Myth: Coaches do coaching to the coachee.

This view is like a tennis match: two players in a volley, and the most effective player hits the perfect shot with just the right spin, pace, direction, location, and timing while the other player was off guard. In coaching, the manager might believe that delivering just the right words at the right time will hit the mark perfectly, and the employee is fixed because of the great competence and skill of the manager. For a manager who believes they are doing coaching to an employee, the logic might be this:

If the manager is proficient at coaching, then the employee’s learning and performance improvement will follow. Therefore, if the employee’s learning and performance are not improving, the manager’s coaching competence is questionable.

To dispel this frightening possibility, the manager might label the employee “uncoachable,” which might not be questioned in some organizations. The flaw in the logic, however, is that the essential foundation for an effective coaching engagement depends on mindset, beliefs and skills of both the manager, not just questioning skills.

Reality: Coaches do coaching with the coachee.

This subtle change in language leads to a difference in mindset that has profound effects on the coaching relationship. Coaching is a creative partnership, not an information delivery process.

A few shifts in beliefs about coaching can make a fundamental difference in the way coaching relationships develop, increasing the likelihood that coaching engagements will be productive and helpful.
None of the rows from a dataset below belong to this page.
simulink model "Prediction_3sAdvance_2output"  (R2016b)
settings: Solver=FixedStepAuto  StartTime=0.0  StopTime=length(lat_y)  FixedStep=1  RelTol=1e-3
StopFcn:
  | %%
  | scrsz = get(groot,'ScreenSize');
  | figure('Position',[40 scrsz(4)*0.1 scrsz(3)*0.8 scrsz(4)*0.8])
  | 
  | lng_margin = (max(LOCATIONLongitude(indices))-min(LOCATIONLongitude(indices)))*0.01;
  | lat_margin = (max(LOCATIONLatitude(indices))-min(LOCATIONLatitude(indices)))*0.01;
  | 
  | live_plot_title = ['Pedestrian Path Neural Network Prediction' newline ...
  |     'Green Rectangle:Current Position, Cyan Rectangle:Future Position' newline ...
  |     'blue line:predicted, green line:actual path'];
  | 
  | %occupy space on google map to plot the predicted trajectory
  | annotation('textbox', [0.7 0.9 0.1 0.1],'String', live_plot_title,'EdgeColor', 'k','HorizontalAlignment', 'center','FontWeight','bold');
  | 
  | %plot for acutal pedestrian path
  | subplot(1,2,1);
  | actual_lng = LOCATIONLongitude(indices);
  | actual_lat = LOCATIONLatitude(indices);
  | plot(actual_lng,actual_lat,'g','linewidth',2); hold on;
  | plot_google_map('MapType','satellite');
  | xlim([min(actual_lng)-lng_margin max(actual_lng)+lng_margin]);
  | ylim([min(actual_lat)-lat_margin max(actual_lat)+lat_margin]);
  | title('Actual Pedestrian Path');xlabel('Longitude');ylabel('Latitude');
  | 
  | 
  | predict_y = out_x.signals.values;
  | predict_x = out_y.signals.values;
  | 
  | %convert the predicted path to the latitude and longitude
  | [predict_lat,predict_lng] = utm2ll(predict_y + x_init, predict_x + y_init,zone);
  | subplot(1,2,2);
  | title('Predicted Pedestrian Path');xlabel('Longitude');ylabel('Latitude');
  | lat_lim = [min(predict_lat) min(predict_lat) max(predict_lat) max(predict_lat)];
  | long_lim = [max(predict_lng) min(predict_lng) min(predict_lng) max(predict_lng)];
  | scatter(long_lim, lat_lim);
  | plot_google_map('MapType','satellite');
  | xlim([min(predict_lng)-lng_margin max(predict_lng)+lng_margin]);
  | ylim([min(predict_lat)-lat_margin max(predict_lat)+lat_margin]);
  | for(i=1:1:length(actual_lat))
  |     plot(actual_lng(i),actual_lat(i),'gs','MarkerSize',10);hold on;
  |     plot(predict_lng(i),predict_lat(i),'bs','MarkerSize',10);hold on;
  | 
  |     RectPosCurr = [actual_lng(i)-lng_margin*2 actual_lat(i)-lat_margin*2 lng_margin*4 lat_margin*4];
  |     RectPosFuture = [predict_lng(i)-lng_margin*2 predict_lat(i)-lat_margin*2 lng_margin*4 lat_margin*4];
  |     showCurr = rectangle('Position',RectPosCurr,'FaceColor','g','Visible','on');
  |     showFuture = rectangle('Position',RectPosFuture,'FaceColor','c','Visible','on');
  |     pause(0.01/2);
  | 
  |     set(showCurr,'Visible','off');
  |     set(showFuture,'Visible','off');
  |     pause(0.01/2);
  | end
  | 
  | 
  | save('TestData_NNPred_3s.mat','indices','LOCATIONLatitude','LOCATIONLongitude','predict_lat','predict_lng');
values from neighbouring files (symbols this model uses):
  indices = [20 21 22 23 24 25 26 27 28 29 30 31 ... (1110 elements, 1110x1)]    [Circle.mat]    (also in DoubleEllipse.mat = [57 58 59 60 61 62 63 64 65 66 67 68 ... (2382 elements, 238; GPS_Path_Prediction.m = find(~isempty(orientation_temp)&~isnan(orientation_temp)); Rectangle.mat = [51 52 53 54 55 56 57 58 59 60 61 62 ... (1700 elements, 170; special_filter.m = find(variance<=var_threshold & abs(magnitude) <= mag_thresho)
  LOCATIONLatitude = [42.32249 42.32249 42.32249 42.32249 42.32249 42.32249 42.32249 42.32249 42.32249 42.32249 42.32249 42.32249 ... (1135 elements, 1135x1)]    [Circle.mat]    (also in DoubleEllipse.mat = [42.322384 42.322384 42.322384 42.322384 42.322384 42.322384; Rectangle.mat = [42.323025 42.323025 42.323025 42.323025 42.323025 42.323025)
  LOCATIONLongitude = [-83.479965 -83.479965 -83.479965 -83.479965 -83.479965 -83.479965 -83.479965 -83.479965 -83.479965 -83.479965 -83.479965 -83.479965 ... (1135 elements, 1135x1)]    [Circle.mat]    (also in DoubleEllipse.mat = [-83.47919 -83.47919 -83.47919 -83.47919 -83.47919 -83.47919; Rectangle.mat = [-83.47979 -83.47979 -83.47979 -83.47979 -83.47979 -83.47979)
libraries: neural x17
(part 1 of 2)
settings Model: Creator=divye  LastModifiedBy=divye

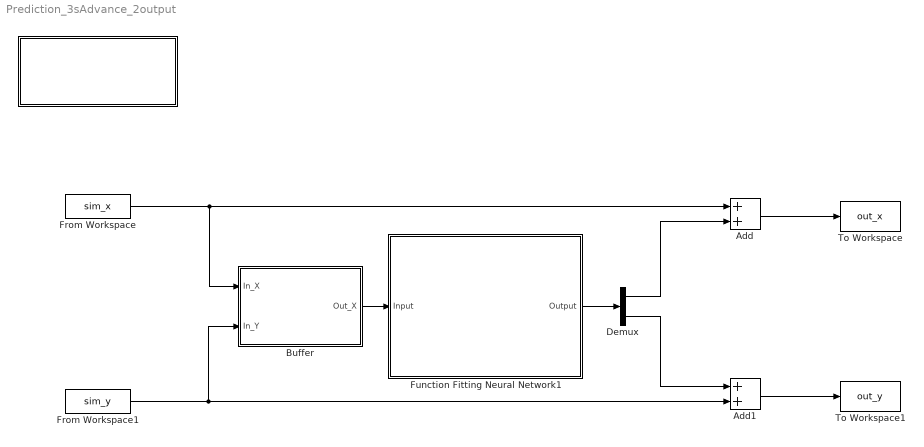
== system Prediction_3sAdvance_2output ==
  " " : Subsystem
      settings: OpenFcn=|
      | %%
      | %receive the user input for the measurement file
      | clear all;close all; %#ok<CLALL>
      | [measurement_file, measurement_file_path] = uigetfile({'*.mat'},'Measurement File Selector');
      | filename = strcat(measurement_file_path,measurement_file);
      | load(filename);
      | t=0:1:length(lng_x)-1;
      | sim_x = [t' lng_x];
      | sim_y = [t' lat_y];
      mask Display: disp(['Import' newline 'Data Set'])
  Add : Sum
  Add1 : Sum
  Buffer : Subsystem
  Demux : Demux  Outputs=2
  From Workspace : FromWorkspace  VariableName=sim_x  SampleTime=1
  From Workspace1 : FromWorkspace  VariableName=sim_y  SampleTime=1
  Function Fitting Neural Network1 : Subsystem
      mask help: Function Fitting Neural Network
      mask Display: e = 0.06;c1 = [120 150 230]/255;c2 = ([120 150 230]+0)/383;c3 = ([120 150 230]+128)/383;patch([0 1 1 0],[0 0 1 1],c1);patch([0 1 1 1-e 1-e 0+e],[0 0 1 1-e 0+e 0+e],c2);patch([0 0 1 1-e 0+e 0+e],[0 1 1 1-e 1-e 0+e],c3);plot([0 1 1 0 0],[0 0 1 1 0]);fprintf('NNET');port_label('input',1,' Input');port_label('output',1,'Output ');
  To Workspace : ToWorkspace  VariableName=out_x  SaveFormat=Structure With Time  SampleTime=-1
  To Workspace1 : ToWorkspace  VariableName=out_y  SaveFormat=Structure With Time  SampleTime=-1
  wires:
  Buffer/1(Out_X) -> Function Fitting Neural Network1/1(Input)
  Function Fitting Neural Network1/1(Output) -> Demux/1
  From Workspace/1 -> Buffer/1(In_X), Add/1
  Demux/1 -> Add/2
  Add/1 -> To Workspace/1
  Demux/2 -> Add1/1
  From Workspace1/1 -> Buffer/2(In_Y), Add1/2
  Add1/1 -> To Workspace1/1

== system Prediction_3sAdvance_2output/  ==

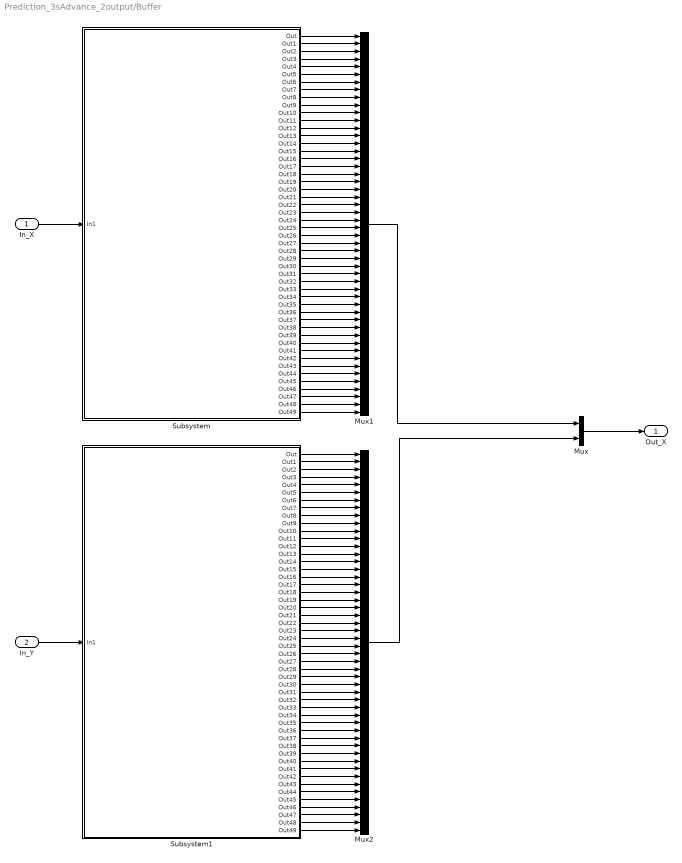
== system Prediction_3sAdvance_2output/Buffer ==
  In_X : Inport
  In_Y : Inport  Port=2
  Mux : Mux  Inputs=2
  Mux1 : Mux  Inputs=50
  Mux2 : Mux  Inputs=50
  Subsystem : Subsystem
  Subsystem1 : Subsystem
  Out_X : Outport
  wires:
  Mux1/1 -> Mux/1
  Subsystem1/46(Out45) -> Mux2/46
  Subsystem1/20(Out19) -> Mux2/20
  Subsystem1/38(Out37) -> Mux2/38
  Subsystem1/21(Out20) -> Mux2/21
  Subsystem1/42(Out41) -> Mux2/42
  Subsystem1/47(Out46) -> Mux2/47
  Subsystem1/22(Out21) -> Mux2/22
  Subsystem1/5(Out4) -> Mux2/5
  In_Y/1 -> Subsystem1/1(In1)
  Subsystem1/43(Out42) -> Mux2/43
  Subsystem1/11(Out10) -> Mux2/11
  In_X/1 -> Subsystem/1(In1)
  Subsystem1/19(Out18) -> Mux2/19
  Subsystem1/23(Out22) -> Mux2/23
  Subsystem1/17(Out16) -> Mux2/17
  Subsystem1/1(Out) -> Mux2/1
  Subsystem1/25(Out24) -> Mux2/25
  Subsystem1/44(Out43) -> Mux2/44
  Subsystem1/37(Out36) -> Mux2/37
  Subsystem1/39(Out38) -> Mux2/39
  Mux2/1 -> Mux/2
  Subsystem1/45(Out44) -> Mux2/45
  Subsystem1/41(Out40) -> Mux2/41
  Subsystem1/14(Out13) -> Mux2/14
  Subsystem1/24(Out23) -> Mux2/24
  Subsystem1/40(Out39) -> Mux2/40
  Subsystem/28(Out27) -> Mux1/28
  Subsystem/48(Out47) -> Mux1/48
  Subsystem/29(Out28) -> Mux1/29
  Subsystem/27(Out26) -> Mux1/27
  Subsystem/34(Out33) -> Mux1/34
  Subsystem/32(Out31) -> Mux1/32
  Subsystem/33(Out32) -> Mux1/33
  Subsystem/30(Out29) -> Mux1/30
  Subsystem/36(Out35) -> Mux1/36
  Subsystem/26(Out25) -> Mux1/26
  Subsystem/49(Out48) -> Mux1/49
  Subsystem/50(Out49) -> Mux1/50
  Subsystem/31(Out30) -> Mux1/31
  Subsystem/3(Out2) -> Mux1/3
  Subsystem/35(Out34) -> Mux1/35
  Subsystem/2(Out1) -> Mux1/2
  Subsystem/22(Out21) -> Mux1/22
  Subsystem/15(Out14) -> Mux1/15
  Subsystem/19(Out18) -> Mux1/19
  Subsystem/24(Out23) -> Mux1/24
  Subsystem/20(Out19) -> Mux1/20
  Subsystem/4(Out3) -> Mux1/4
  Subsystem/9(Out8) -> Mux1/9
  Subsystem/13(Out12) -> Mux1/13
  Subsystem/12(Out11) -> Mux1/12
  Subsystem/10(Out9) -> Mux1/10
  Subsystem/16(Out15) -> Mux1/16
  Subsystem/6(Out5) -> Mux1/6
  Subsystem/7(Out6) -> Mux1/7
  Subsystem/8(Out7) -> Mux1/8
  Subsystem/18(Out17) -> Mux1/18
  Subsystem/17(Out16) -> Mux1/17
  Subsystem/25(Out24) -> Mux1/25
  Subsystem/23(Out22) -> Mux1/23
  Subsystem/21(Out20) -> Mux1/21
  Subsystem/14(Out13) -> Mux1/14
  Subsystem/43(Out42) -> Mux1/43
  Subsystem/42(Out41) -> Mux1/42
  Subsystem/41(Out40) -> Mux1/41
  Subsystem/46(Out45) -> Mux1/46
  Subsystem/37(Out36) -> Mux1/37
  Subsystem/45(Out44) -> Mux1/45
  Subsystem/40(Out39) -> Mux1/40
  Subsystem/47(Out46) -> Mux1/47
  Subsystem/5(Out4) -> Mux1/5
  Subsystem/44(Out43) -> Mux1/44
  Subsystem/38(Out37) -> Mux1/38
  Subsystem/39(Out38) -> Mux1/39
  Subsystem/11(Out10) -> Mux1/11
  Subsystem/1(Out) -> Mux1/1
  Subsystem1/49(Out48) -> Mux2/49
  Subsystem1/48(Out47) -> Mux2/48
  Subsystem1/50(Out49) -> Mux2/50
  Subsystem1/28(Out27) -> Mux2/28
  Subsystem1/29(Out28) -> Mux2/29
  Subsystem1/33(Out32) -> Mux2/33
  Subsystem1/4(Out3) -> Mux2/4
  Subsystem1/2(Out1) -> Mux2/2
  Subsystem1/9(Out8) -> Mux2/9
  Subsystem1/30(Out29) -> Mux2/30
  Subsystem1/31(Out30) -> Mux2/31
  Subsystem1/34(Out33) -> Mux2/34
  Subsystem1/32(Out31) -> Mux2/32
  Subsystem1/13(Out12) -> Mux2/13
  Subsystem1/10(Out9) -> Mux2/10
  Subsystem1/15(Out14) -> Mux2/15
  Subsystem1/26(Out25) -> Mux2/26
  Subsystem1/27(Out26) -> Mux2/27
  Subsystem1/8(Out7) -> Mux2/8
  Subsystem1/18(Out17) -> Mux2/18
  Subsystem1/16(Out15) -> Mux2/16
  Subsystem1/36(Out35) -> Mux2/36
  Subsystem1/12(Out11) -> Mux2/12
  Subsystem1/35(Out34) -> Mux2/35
  Subsystem1/7(Out6) -> Mux2/7
  Subsystem1/3(Out2) -> Mux2/3
  Subsystem1/6(Out5) -> Mux2/6
  Mux/1 -> Out_X/1

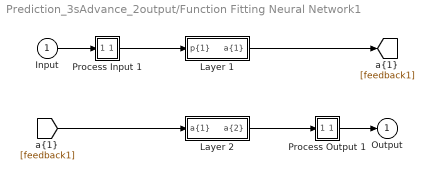
== system Prediction_3sAdvance_2output/Function Fitting Neural Network1 ==
  Input : Inport  PortDimensions=100
      mask Display: e = 0.06;c1 = [120 230 180]/255;c2 = ([120 230 180]+0)/(256+128);c3 = ([120 230 180]+128)/(256+128);patch([0 1 1 0],[0 0 1 1],c1);patch([0 1 1 1-e 1-e 0+e],[0 0 1 1-e 0+e 0+e],c2);patch([0 0 1 1-e 0+e 0+e],[0 1 1 1-e 1-e 0+e],c3);plot([0 1 1 0 0],[0 0 1 1 0]);
  Layer 1 : Subsystem
      mask Display: e = 0.06;c1 = [120 150 230]/255;c2 = ([120 150 230]+0)/383;c3 = ([120 150 230]+128)/383;patch([0 1 1 0],[0 0 1 1],c1);patch([0 1 1 1-e 1-e 0+e],[0 0 1 1-e 0+e 0+e],c2);patch([0 0 1 1-e 0+e 0+e],[0 1 1 1-e 1-e 0+e],c3);plot([0 1 1 0 0],[0 0 1 1 0]);
  Layer 2 : Subsystem
      mask Display: e = 0.06;c1 = [120 150 230]/255;c2 = ([120 150 230]+0)/383;c3 = ([120 150 230]+128)/383;patch([0 1 1 0],[0 0 1 1],c1);patch([0 1 1 1-e 1-e 0+e],[0 0 1 1-e 0+e 0+e],c2);patch([0 0 1 1-e 0+e 0+e],[0 1 1 1-e 1-e 0+e],c3);plot([0 1 1 0 0],[0 0 1 1 0]);
  Process Input 1 : Subsystem
      mask Display: e = 0.06;c1 = [120 150 230]/255;c2 = ([120 150 230]+0)/383;c3 = ([120 150 230]+128)/383;patch([0 1 1 0],[0 0 1 1],c1);patch([0 1 1 1-e 1-e 0+e],[0 0 1 1-e 0+e 0+e],c2);patch([0 0 1 1-e 0+e 0+e],[0 1 1 1-e 1-e 0+e],c3);plot([0 1 1 0 0],[0 0 1 1 0]);
  Process Output 1 : Subsystem
      mask Display: e = 0.06;c1 = [120 150 230]/255;c2 = ([120 150 230]+0)/383;c3 = ([120 150 230]+128)/383;patch([0 1 1 0],[0 0 1 1],c1);patch([0 1 1 1-e 1-e 0+e],[0 0 1 1-e 0+e 0+e],c2);patch([0 0 1 1-e 0+e 0+e],[0 1 1 1-e 1-e 0+e],c3);plot([0 1 1 0 0],[0 0 1 1 0]);
  Output : Outport  InitialOutput=[0;0]
      mask Display: e = 0.06;c1 = [120 230 180]/255;c2 = ([120 230 180]+0)/(256+128);c3 = ([120 230 180]+128)/(256+128);patch([0 1 1 0],[0 0 1 1],c1);patch([0 1 1 1-e 1-e 0+e],[0 0 1 1-e 0+e 0+e],c2);patch([0 0 1 1-e 0+e 0+e],[0 1 1 1-e 1-e 0+e],c3);plot([0 1 1 0 0],[0 0 1 1 0]);
  wires:
  Input/1 -> Process Input 1/1(x)
  Process Output 1/1(y) -> Output/1
  Process Input 1/1(p) -> Layer 1/1("p{1}")
  Layer 1/1("a{1}") -> [feedback1]
  [feedback1] -> Layer 2/1("a{1} ")
  Layer 2/1("a{2}") -> Process Output 1/1(a)

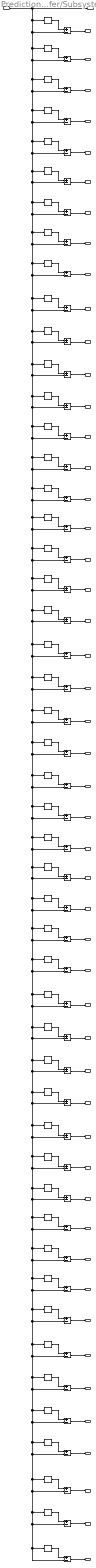
== system Prediction_3sAdvance_2output/Buffer/Subsystem ==
  In1 : Inport
  Delay : Delay  DelayLength=1
  Delay1 : Delay
  Delay10 : Delay  DelayLength=11
  Delay11 : Delay  DelayLength=12
  Delay12 : Delay  DelayLength=13
  Delay13 : Delay  DelayLength=22
  Delay14 : Delay  DelayLength=23
  Delay15 : Delay  DelayLength=24
  Delay16 : Delay  DelayLength=14
  Delay17 : Delay  DelayLength=15
  Delay18 : Delay  DelayLength=16
  Delay19 : Delay  DelayLength=17
  Delay2 : Delay  DelayLength=3
  Delay20 : Delay  DelayLength=18
  Delay21 : Delay  DelayLength=19
  Delay22 : Delay  DelayLength=20
  Delay23 : Delay  DelayLength=21
  Delay24 : Delay  DelayLength=33
  Delay25 : Delay  DelayLength=34
  Delay26 : Delay  DelayLength=35
  Delay27 : Delay  DelayLength=25
  Delay28 : Delay  DelayLength=26
  Delay29 : Delay  DelayLength=27
  Delay3 : Delay  DelayLength=4
  Delay30 : Delay  DelayLength=28
  Delay31 : Delay  DelayLength=29
  Delay32 : Delay  DelayLength=30
  Delay33 : Delay  DelayLength=31
  Delay34 : Delay  DelayLength=32
  Delay35 : Delay  DelayLength=44
  Delay36 : Delay  DelayLength=45
  Delay37 : Delay  DelayLength=46
  Delay38 : Delay  DelayLength=36
  Delay39 : Delay  DelayLength=37
  Delay4 : Delay  DelayLength=5
  Delay40 : Delay  DelayLength=38
  Delay41 : Delay  DelayLength=39
  Delay42 : Delay  DelayLength=40
  Delay43 : Delay  DelayLength=41
  Delay44 : Delay  DelayLength=42
  Delay45 : Delay  DelayLength=43
  Delay46 : Delay  DelayLength=47
  Delay47 : Delay  DelayLength=48
  Delay48 : Delay  DelayLength=49
  Delay5 : Delay  DelayLength=6
  Delay6 : Delay  DelayLength=7
  Delay7 : Delay  DelayLength=8
  Delay8 : Delay  DelayLength=9
  Delay9 : Delay  DelayLength=10
  Subtract{,1..48} (49 alike) : Sum  Inputs=+-
  Out : Outport
  Out1 : Outport  Port=2
  Out2 : Outport  Port=3
  Out3 : Outport  Port=4
  Out4 : Outport  Port=5
  Out5 : Outport  Port=6
  Out6 : Outport  Port=7
  Out7 : Outport  Port=8
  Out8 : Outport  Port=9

Common Belief of Managers and New Coaches

Shifted Belief or Mindset to Support Coaching

Instead of doing coaching to the employee

Participate in coaching with the employee

Instead of seeing the employee as a problem to solve

Relax attachment to coaching outcomes and help the employee gain awareness of options

Instead of being the problem solver

Help the employee learn to solve problems

Instead of doing the thinking for the employee

Help the employee learn to do their own thinking

Instead of giving the answers

Help the employee find their own answers

Instead of telling for efficiency and speed now

Help the employee build their own competence

Instead of seeing questions as weakness or uncertainty

See questioning as the power to direct awareness and elicit insights and learning

Instead of sharing your wisdom directly

Help the employee build their own wisdom

Instead of focusing on gaps you see

Be curious about how they see the situation and if appropriate, raise awareness about other ways to see it

 

Summary

Even if the employee is coachable, but the fundamentals of a trusting, safe coaching relationship are not in place, the coaching will not be effective. At best, the employee will play along, but extrinsic motivators and punishments will be required for behavior change. In this case, the coaching effort is wasted or even counterproductive. When the employee believes that the coaching conversations will be helpful, and the support of the manager is authentic, then the very act of entering into the coaching relationship enables the employee to learn and make progress.

When setting up a coaching program or managing when some coaching engagements are not working, three major areas of assessment may help you determine how to proceed.

  1. Use the coachability index to determine if an employee is coachable. Manager coaching is worth trying for all but the very lowest coachability. For really difficult employees for which change is essential, some specialized professional coaching may be able to help.
  2. Don’t assume that a manager’s personal opinion of coachability it accurate. A manager may not recognize their own contribution to a difficult coaching relationship that is not working. Observe the manager’s coaching and look for signs of the important shifts that manager’s need to make to build successful coaching relationships.
  3. If 1 and 2 are not the problem, and coaching is still not working, it’s worth considering a managerial conversation about expectations or an assessment or conversation about job design, job fit, or cultural fit.
The coaching relationship holds the power for the employee to gain awareness and make commitments. When setting up coaching engagements in your organization, it’s important to determine the employee’s coachability and the manager’s coaching beliefs and skills that affect the coaching relationship.